I told my husband I would wait for him to see Wonder Woman. I didn’t.
I asked my dog if he thought it would be rude if I went to see it. My dog gave me a reassuring look that clearly said, “YES. Don’t feel bad, go! After all, you are the only wondrous woman in this family. ” (My dog thinks very highly of me.)
So I did see it. And it was good.
There was one scene in the movie that I wished I could watch over and over again. I would watch a whole movie filled with that scene, that feeling you get when she climbs out of the trench, and the double-feeling-bellyflop when all the soldiers follow her. Because my favorite things about gods and superheroes are that sometimes they come down and fight with us. They bring the blood of Zeus and all its subsequent powers to a dress shop in London and a barbed wire covered field and make you believe that good will always win. Women will get the vote! These wars will end and peace will come! Reese will bring back a dusty old blog and make biscuits that bleed red and blue!
Speaking of biscuits, I did make them. And they were good.
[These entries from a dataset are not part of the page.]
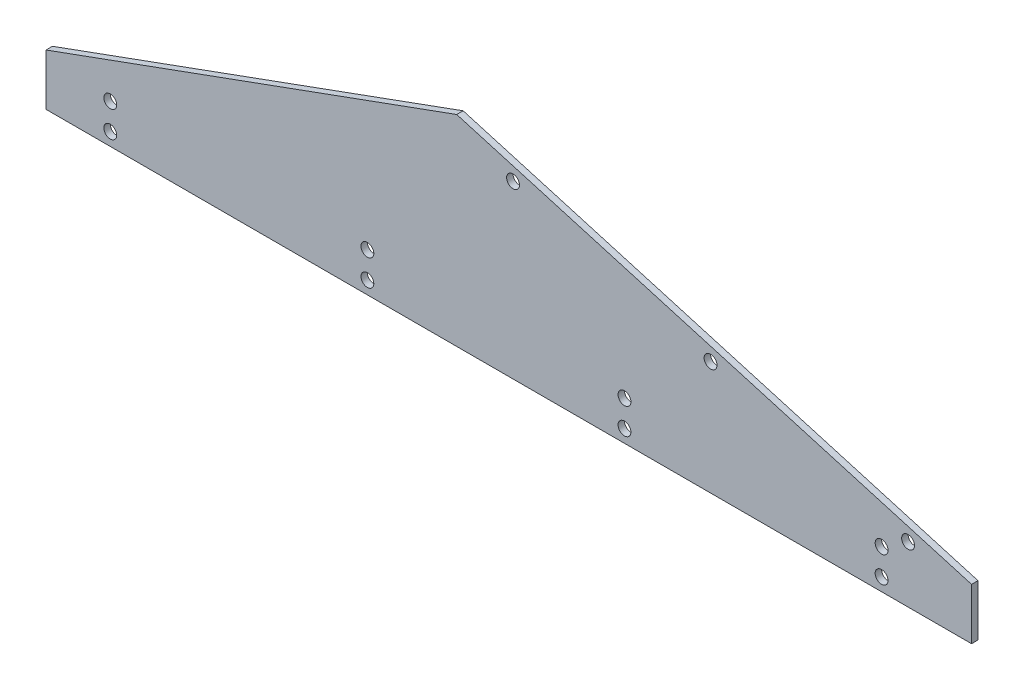
ISO-10303-21;
HEADER;
FILE_DESCRIPTION(('STEP AP214'),'2;1');
FILE_NAME('part.step','',(''),(''),'','','');
FILE_SCHEMA(('AUTOMOTIVE_DESIGN { 1 0 10303 214 1 1 1 1 }'));
ENDSEC;
DATA;
#1=APPLICATION_CONTEXT('core data for automotive mechanical design processes');
#2=APPLICATION_PROTOCOL_DEFINITION('international standard','automotive_design',2000,#1);
#3=PRODUCT_CONTEXT('',#1,'mechanical');
#4=PRODUCT('Part','Part','',(#3));
#5=PRODUCT_RELATED_PRODUCT_CATEGORY('part','',(#4));
#6=PRODUCT_DEFINITION_FORMATION('','',#4);
#7=PRODUCT_DEFINITION_CONTEXT('part definition',#1,'design');
#8=PRODUCT_DEFINITION('design','',#6,#7);
#9=PRODUCT_DEFINITION_SHAPE('','',#8);
#10=(LENGTH_UNIT() NAMED_UNIT(*) SI_UNIT(.MILLI.,.METRE.));
#11=(NAMED_UNIT(*) PLANE_ANGLE_UNIT() SI_UNIT($,.RADIAN.));
#12=(NAMED_UNIT(*) SI_UNIT($,.STERADIAN.) SOLID_ANGLE_UNIT());
#13=UNCERTAINTY_MEASURE_WITH_UNIT(LENGTH_MEASURE(1.E-05),#10,'distance_accuracy_value','');
#14=(GEOMETRIC_REPRESENTATION_CONTEXT(3) GLOBAL_UNCERTAINTY_ASSIGNED_CONTEXT((#13)) GLOBAL_UNIT_ASSIGNED_CONTEXT((#10,
#11,#12)) REPRESENTATION_CONTEXT('',''));
#15=CARTESIAN_POINT('',(0.,0.,0.));
#16=DIRECTION('',(0.,0.,1.));
#17=DIRECTION('',(1.,0.,0.));
#18=AXIS2_PLACEMENT_3D('',#15,#16,#17);
#19=CARTESIAN_POINT('',(0.,0.,3.175));
#20=DIRECTION('',(0.,0.,1.));
#21=DIRECTION('',(1.,0.,0.));
#22=AXIS2_PLACEMENT_3D('',#19,#20,#21);
#23=PLANE('',#22);
#24=CARTESIAN_POINT('',(285.75,6.35,3.175));
#25=DIRECTION('',(0.,0.,1.));
#26=DIRECTION('',(1.,0.,0.));
#27=AXIS2_PLACEMENT_3D('',#24,#25,#26);
#28=CIRCLE('',#27,3.17499999999997);
#29=CARTESIAN_POINT('',(288.925,6.35,3.175));
#30=VERTEX_POINT('',#29);
#31=EDGE_CURVE('E210',#30,#30,#28,.T.);
#32=ORIENTED_EDGE('',*,*,#31,.F.);
#33=EDGE_LOOP('',(#32));
#34=FACE_BOUND('',#33,.T.);
#35=CARTESIAN_POINT('',(412.75,19.3018477189735,3.175));
#36=DIRECTION('',(0.,0.,1.));
#37=DIRECTION('',(1.,0.,0.));
#38=AXIS2_PLACEMENT_3D('',#35,#36,#37);
#39=CIRCLE('',#38,3.17499999999997);
#40=CARTESIAN_POINT('',(415.925,19.3018477189735,3.175));
#41=VERTEX_POINT('',#40);
#42=EDGE_CURVE('E222',#41,#41,#39,.T.);
#43=ORIENTED_EDGE('',*,*,#42,.F.);
#44=EDGE_LOOP('',(#43));
#45=FACE_BOUND('',#44,.T.);
#46=CARTESIAN_POINT('',(158.75,19.3018477189735,3.175));
#47=DIRECTION('',(0.,0.,1.));
#48=DIRECTION('',(1.,0.,0.));
#49=AXIS2_PLACEMENT_3D('',#46,#47,#48);
#50=CIRCLE('',#49,3.175);
#51=CARTESIAN_POINT('',(161.925,19.3018477189735,3.175));
#52=VERTEX_POINT('',#51);
#53=EDGE_CURVE('E234',#52,#52,#50,.T.);
#54=ORIENTED_EDGE('',*,*,#53,.F.);
#55=EDGE_LOOP('',(#54));
#56=FACE_BOUND('',#55,.T.);
#57=CARTESIAN_POINT('',(31.75,19.3018477189735,3.175));
#58=DIRECTION('',(0.,0.,1.));
#59=DIRECTION('',(1.,0.,0.));
#60=AXIS2_PLACEMENT_3D('',#57,#58,#59);
#61=CIRCLE('',#60,3.175);
#62=CARTESIAN_POINT('',(34.925,19.3018477189735,3.175));
#63=VERTEX_POINT('',#62);
#64=EDGE_CURVE('E246',#63,#63,#61,.T.);
#65=ORIENTED_EDGE('',*,*,#64,.F.);
#66=EDGE_LOOP('',(#65));
#67=FACE_BOUND('',#66,.T.);
#68=CARTESIAN_POINT('',(328.269214348156,56.2229221909792,3.175));
#69=DIRECTION('',(0.,0.,1.));
#70=DIRECTION('',(1.,0.,0.));
#71=AXIS2_PLACEMENT_3D('',#68,#69,#70);
#72=CIRCLE('',#71,3.17499999999997);
#73=CARTESIAN_POINT('',(331.444214348156,56.2229221909792,3.175));
#74=VERTEX_POINT('',#73);
#75=EDGE_CURVE('E258',#74,#74,#72,.T.);
#76=ORIENTED_EDGE('',*,*,#75,.F.);
#77=EDGE_LOOP('',(#76));
#78=FACE_BOUND('',#77,.T.);
#79=DIRECTION('',(0.,-1.,0.));
#80=VECTOR('',#79,1.);
#81=CARTESIAN_POINT('',(0.,25.4,3.175));
#82=LINE('',#81,#80);
#83=CARTESIAN_POINT('',(0.,25.4,3.175));
#84=VERTEX_POINT('',#83);
#85=CARTESIAN_POINT('',(0.,0.,3.175));
#86=VERTEX_POINT('',#85);
#87=EDGE_CURVE('E127',#84,#86,#82,.T.);
#88=ORIENTED_EDGE('',*,*,#87,.T.);
#89=DIRECTION('',(1.,0.,0.));
#90=VECTOR('',#89,1.);
#91=CARTESIAN_POINT('',(0.,0.,3.175));
#92=LINE('',#91,#90);
#93=CARTESIAN_POINT('',(457.2,0.,3.175));
#94=VERTEX_POINT('',#93);
#95=EDGE_CURVE('E94',#86,#94,#92,.T.);
#96=ORIENTED_EDGE('',*,*,#95,.T.);
#97=DIRECTION('',(0.,1.,0.));
#98=VECTOR('',#97,1.);
#99=CARTESIAN_POINT('',(457.2,0.,3.175));
#100=LINE('',#99,#98);
#101=CARTESIAN_POINT('',(457.2,25.4,3.175));
#102=VERTEX_POINT('',#101);
#103=EDGE_CURVE('E98',#94,#102,#100,.T.);
#104=ORIENTED_EDGE('',*,*,#103,.T.);
#105=DIRECTION('',(-0.960338941893926,0.278835285934285,0.));
#106=VECTOR('',#105,1.);
#107=CARTESIAN_POINT('',(457.2,25.4,3.175));
#108=LINE('',#107,#106);
#109=CARTESIAN_POINT('',(202.879636827678,99.2421489440113,3.175));
#110=VERTEX_POINT('',#109);
#111=EDGE_CURVE('E102',#102,#110,#108,.T.);
#112=ORIENTED_EDGE('',*,*,#111,.T.);
#113=DIRECTION('',(-0.939692620785909,-0.342020143325666,0.));
#114=VECTOR('',#113,1.);
#115=CARTESIAN_POINT('',(202.879636827678,99.2421489440113,3.175));
#116=LINE('',#115,#114);
#117=EDGE_CURVE('E60',#110,#84,#116,.T.);
#118=ORIENTED_EDGE('',*,*,#117,.T.);
#119=EDGE_LOOP('',(#88,#96,#104,#112,#118));
#120=FACE_BOUND('',#119,.T.);
#121=CARTESIAN_POINT('',(230.698777851733,84.5525872419025,3.175));
#122=DIRECTION('',(0.,0.,1.));
#123=DIRECTION('',(1.,0.,0.));
#124=AXIS2_PLACEMENT_3D('',#121,#122,#123);
#125=CIRCLE('',#124,3.17499999999997);
#126=CARTESIAN_POINT('',(233.873777851733,84.5525872419025,3.175));
#127=VERTEX_POINT('',#126);
#128=EDGE_CURVE('E122',#127,#127,#125,.T.);
#129=ORIENTED_EDGE('',*,*,#128,.F.);
#130=EDGE_LOOP('',(#129));
#131=FACE_BOUND('',#130,.T.);
#132=CARTESIAN_POINT('',(425.839650844579,27.8932571400559,3.175));
#133=DIRECTION('',(0.,0.,1.));
#134=DIRECTION('',(1.,0.,0.));
#135=AXIS2_PLACEMENT_3D('',#132,#133,#134);
#136=CIRCLE('',#135,3.17499999999997);
#137=CARTESIAN_POINT('',(429.014650844579,27.8932571400559,3.175));
#138=VERTEX_POINT('',#137);
#139=EDGE_CURVE('E252',#138,#138,#136,.T.);
#140=ORIENTED_EDGE('',*,*,#139,.F.);
#141=EDGE_LOOP('',(#140));
#142=FACE_BOUND('',#141,.T.);
#143=CARTESIAN_POINT('',(31.75,6.35,3.175));
#144=DIRECTION('',(0.,0.,1.));
#145=DIRECTION('',(1.,0.,0.));
#146=AXIS2_PLACEMENT_3D('',#143,#144,#145);
#147=CIRCLE('',#146,3.175);
#148=CARTESIAN_POINT('',(34.925,6.35,3.175));
#149=VERTEX_POINT('',#148);
#150=EDGE_CURVE('E240',#149,#149,#147,.T.);
#151=ORIENTED_EDGE('',*,*,#150,.F.);
#152=EDGE_LOOP('',(#151));
#153=FACE_BOUND('',#152,.T.);
#154=CARTESIAN_POINT('',(285.75,19.3018477189735,3.175));
#155=DIRECTION('',(0.,0.,1.));
#156=DIRECTION('',(1.,0.,0.));
#157=AXIS2_PLACEMENT_3D('',#154,#155,#156);
#158=CIRCLE('',#157,3.17499999999997);
#159=CARTESIAN_POINT('',(288.925,19.3018477189735,3.175));
#160=VERTEX_POINT('',#159);
#161=EDGE_CURVE('E228',#160,#160,#158,.T.);
#162=ORIENTED_EDGE('',*,*,#161,.F.);
#163=EDGE_LOOP('',(#162));
#164=FACE_BOUND('',#163,.T.);
#165=CARTESIAN_POINT('',(158.75,6.35,3.175));
#166=DIRECTION('',(0.,0.,1.));
#167=DIRECTION('',(1.,0.,0.));
#168=AXIS2_PLACEMENT_3D('',#165,#166,#167);
#169=CIRCLE('',#168,3.175);
#170=CARTESIAN_POINT('',(161.925,6.35,3.175));
#171=VERTEX_POINT('',#170);
#172=EDGE_CURVE('E216',#171,#171,#169,.T.);
#173=ORIENTED_EDGE('',*,*,#172,.F.);
#174=EDGE_LOOP('',(#173));
#175=FACE_BOUND('',#174,.T.);
#176=CARTESIAN_POINT('',(412.75,6.35,3.175));
#177=DIRECTION('',(0.,0.,1.));
#178=DIRECTION('',(1.,0.,0.));
#179=AXIS2_PLACEMENT_3D('',#176,#177,#178);
#180=CIRCLE('',#179,3.17499999999997);
#181=CARTESIAN_POINT('',(415.925,6.35,3.175));
#182=VERTEX_POINT('',#181);
#183=EDGE_CURVE('E201',#182,#182,#180,.T.);
#184=ORIENTED_EDGE('',*,*,#183,.F.);
#185=EDGE_LOOP('',(#184));
#186=FACE_BOUND('',#185,.T.);
#187=ADVANCED_FACE('F43',(#34,#45,#56,#67,#78,#120,#131,#142,#153,#164,#175,#186),#23,.T.);
#188=CARTESIAN_POINT('',(0.,0.,0.));
#189=DIRECTION('',(0.,0.,1.));
#190=DIRECTION('',(1.,0.,0.));
#191=AXIS2_PLACEMENT_3D('',#188,#189,#190);
#192=PLANE('',#191);
#193=DIRECTION('',(0.,-1.,0.));
#194=VECTOR('',#193,1.);
#195=CARTESIAN_POINT('',(0.,25.4,0.));
#196=LINE('',#195,#194);
#197=CARTESIAN_POINT('',(0.,25.4,0.));
#198=VERTEX_POINT('',#197);
#199=CARTESIAN_POINT('',(0.,0.,0.));
#200=VERTEX_POINT('',#199);
#201=EDGE_CURVE('E118',#198,#200,#196,.T.);
#202=ORIENTED_EDGE('',*,*,#201,.F.);
#203=DIRECTION('',(-0.939692620785909,-0.342020143325666,0.));
#204=VECTOR('',#203,1.);
#205=CARTESIAN_POINT('',(202.879636827678,99.2421489440113,0.));
#206=LINE('',#205,#204);
#207=CARTESIAN_POINT('',(202.879636827678,99.2421489440113,0.));
#208=VERTEX_POINT('',#207);
#209=EDGE_CURVE('E86',#208,#198,#206,.T.);
#210=ORIENTED_EDGE('',*,*,#209,.F.);
#211=DIRECTION('',(-0.960338941893926,0.278835285934285,0.));
#212=VECTOR('',#211,1.);
#213=CARTESIAN_POINT('',(457.2,25.4,0.));
#214=LINE('',#213,#212);
#215=CARTESIAN_POINT('',(457.2,25.4,0.));
#216=VERTEX_POINT('',#215);
#217=EDGE_CURVE('E80',#216,#208,#214,.T.);
#218=ORIENTED_EDGE('',*,*,#217,.F.);
#219=DIRECTION('',(0.,1.,0.));
#220=VECTOR('',#219,1.);
#221=CARTESIAN_POINT('',(457.2,0.,0.));
#222=LINE('',#221,#220);
#223=CARTESIAN_POINT('',(457.2,0.,0.));
#224=VERTEX_POINT('',#223);
#225=EDGE_CURVE('E109',#224,#216,#222,.T.);
#226=ORIENTED_EDGE('',*,*,#225,.F.);
#227=DIRECTION('',(1.,0.,0.));
#228=VECTOR('',#227,1.);
#229=CARTESIAN_POINT('',(0.,0.,0.));
#230=LINE('',#229,#228);
#231=EDGE_CURVE('E121',#200,#224,#230,.T.);
#232=ORIENTED_EDGE('',*,*,#231,.F.);
#233=EDGE_LOOP('',(#202,#210,#218,#226,#232));
#234=FACE_BOUND('',#233,.T.);
#235=CARTESIAN_POINT('',(230.698777851733,84.5525872419025,0.));
#236=DIRECTION('',(0.,0.,1.));
#237=DIRECTION('',(1.,0.,0.));
#238=AXIS2_PLACEMENT_3D('',#235,#236,#237);
#239=CIRCLE('',#238,3.17499999999997);
#240=CARTESIAN_POINT('',(233.873777851733,84.5525872419025,0.));
#241=VERTEX_POINT('',#240);
#242=EDGE_CURVE('E261',#241,#241,#239,.T.);
#243=ORIENTED_EDGE('',*,*,#242,.T.);
#244=EDGE_LOOP('',(#243));
#245=FACE_BOUND('',#244,.T.);
#246=CARTESIAN_POINT('',(328.269214348156,56.2229221909792,0.));
#247=DIRECTION('',(0.,0.,1.));
#248=DIRECTION('',(1.,0.,0.));
#249=AXIS2_PLACEMENT_3D('',#246,#247,#248);
#250=CIRCLE('',#249,3.17499999999997);
#251=CARTESIAN_POINT('',(331.444214348156,56.2229221909792,0.));
#252=VERTEX_POINT('',#251);
#253=EDGE_CURVE('E255',#252,#252,#250,.T.);
#254=ORIENTED_EDGE('',*,*,#253,.T.);
#255=EDGE_LOOP('',(#254));
#256=FACE_BOUND('',#255,.T.);
#257=CARTESIAN_POINT('',(425.839650844579,27.8932571400559,0.));
#258=DIRECTION('',(0.,0.,1.));
#259=DIRECTION('',(1.,0.,0.));
#260=AXIS2_PLACEMENT_3D('',#257,#258,#259);
#261=CIRCLE('',#260,3.17499999999997);
#262=CARTESIAN_POINT('',(429.014650844579,27.8932571400559,0.));
#263=VERTEX_POINT('',#262);
#264=EDGE_CURVE('E249',#263,#263,#261,.T.);
#265=ORIENTED_EDGE('',*,*,#264,.T.);
#266=EDGE_LOOP('',(#265));
#267=FACE_BOUND('',#266,.T.);
#268=CARTESIAN_POINT('',(31.75,19.3018477189735,0.));
#269=DIRECTION('',(0.,0.,1.));
#270=DIRECTION('',(1.,0.,0.));
#271=AXIS2_PLACEMENT_3D('',#268,#269,#270);
#272=CIRCLE('',#271,3.175);
#273=CARTESIAN_POINT('',(34.925,19.3018477189735,0.));
#274=VERTEX_POINT('',#273);
#275=EDGE_CURVE('E243',#274,#274,#272,.T.);
#276=ORIENTED_EDGE('',*,*,#275,.T.);
#277=EDGE_LOOP('',(#276));
#278=FACE_BOUND('',#277,.T.);
#279=CARTESIAN_POINT('',(31.75,6.35,0.));
#280=DIRECTION('',(0.,0.,1.));
#281=DIRECTION('',(1.,0.,0.));
#282=AXIS2_PLACEMENT_3D('',#279,#280,#281);
#283=CIRCLE('',#282,3.175);
#284=CARTESIAN_POINT('',(34.925,6.35,0.));
#285=VERTEX_POINT('',#284);
#286=EDGE_CURVE('E237',#285,#285,#283,.T.);
#287=ORIENTED_EDGE('',*,*,#286,.T.);
#288=EDGE_LOOP('',(#287));
#289=FACE_BOUND('',#288,.T.);
#290=CARTESIAN_POINT('',(158.75,19.3018477189735,0.));
#291=DIRECTION('',(0.,0.,1.));
#292=DIRECTION('',(1.,0.,0.));
#293=AXIS2_PLACEMENT_3D('',#290,#291,#292);
#294=CIRCLE('',#293,3.175);
#295=CARTESIAN_POINT('',(161.925,19.3018477189735,0.));
#296=VERTEX_POINT('',#295);
#297=EDGE_CURVE('E231',#296,#296,#294,.T.);
#298=ORIENTED_EDGE('',*,*,#297,.T.);
#299=EDGE_LOOP('',(#298));
#300=FACE_BOUND('',#299,.T.);
#301=CARTESIAN_POINT('',(285.75,19.3018477189735,0.));
#302=DIRECTION('',(0.,0.,1.));
#303=DIRECTION('',(1.,0.,0.));
#304=AXIS2_PLACEMENT_3D('',#301,#302,#303);
#305=CIRCLE('',#304,3.17499999999997);
#306=CARTESIAN_POINT('',(288.925,19.3018477189735,0.));
#307=VERTEX_POINT('',#306);
#308=EDGE_CURVE('E225',#307,#307,#305,.T.);
#309=ORIENTED_EDGE('',*,*,#308,.T.);
#310=EDGE_LOOP('',(#309));
#311=FACE_BOUND('',#310,.T.);
#312=CARTESIAN_POINT('',(412.75,19.3018477189735,0.));
#313=DIRECTION('',(0.,0.,1.));
#314=DIRECTION('',(1.,0.,0.));
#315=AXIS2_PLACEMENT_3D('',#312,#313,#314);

Somewhere between a baking powder biscuit and a sweet cream scone, these are fluffy and buttery and bursting with berries. I think they were originally conceived as a shortcake stuffed into a single neat little biscuit package, I won’t judge you if you split them open and stuff them with more cream and more berries. That’s what I did. 🙂
Berries & Cream Biscuits
2 1/4 cups flour
1 tablespoon aluminum free baking powder
1/2 teaspoon salt
1/4 cup sugar
6 tablespoons cold, unsalted butter cut into chunks
1 cup heavy cream, plus 1 tablespoon for brushing
1 cup mixed berries, fresh or frozen
1. Preheat oven to 425 degrees. Line a baking sheet with parchment paper.
2. Whisk flour, baking soda, salt, and sugar together in a stand mixer or a large bowl.
3. Add butter and cream together, mixing with the paddle attachment or using a fork/pastry blender to cut in the butter.
4. Gently fold in the berries. Transfer the mixture to a floured surface or piece of parchment paper and roll or press the dough out to 3/4 inch thickness as quickly as possible. Use a biscuit cutter or the edge of a drinking glass to cut the dough into circles (2 to 2 1/2 inches wide). Transfer cut biscuits to the prepared baking sheet. Re-roll dough as necessary. You should end up with 12-14 biscuits. If you feel you’ve handled the dough a bit too much, feel free to pop the baking sheet into the freezer for a few minutes.
5. Bake for 12-15 minutes, until the edges are golden brown. Cool on the baking sheet for a minute before transferring biscuits to a baking sheet. Enjoy warm, or with extra whipped cream and berries, or butter and honey!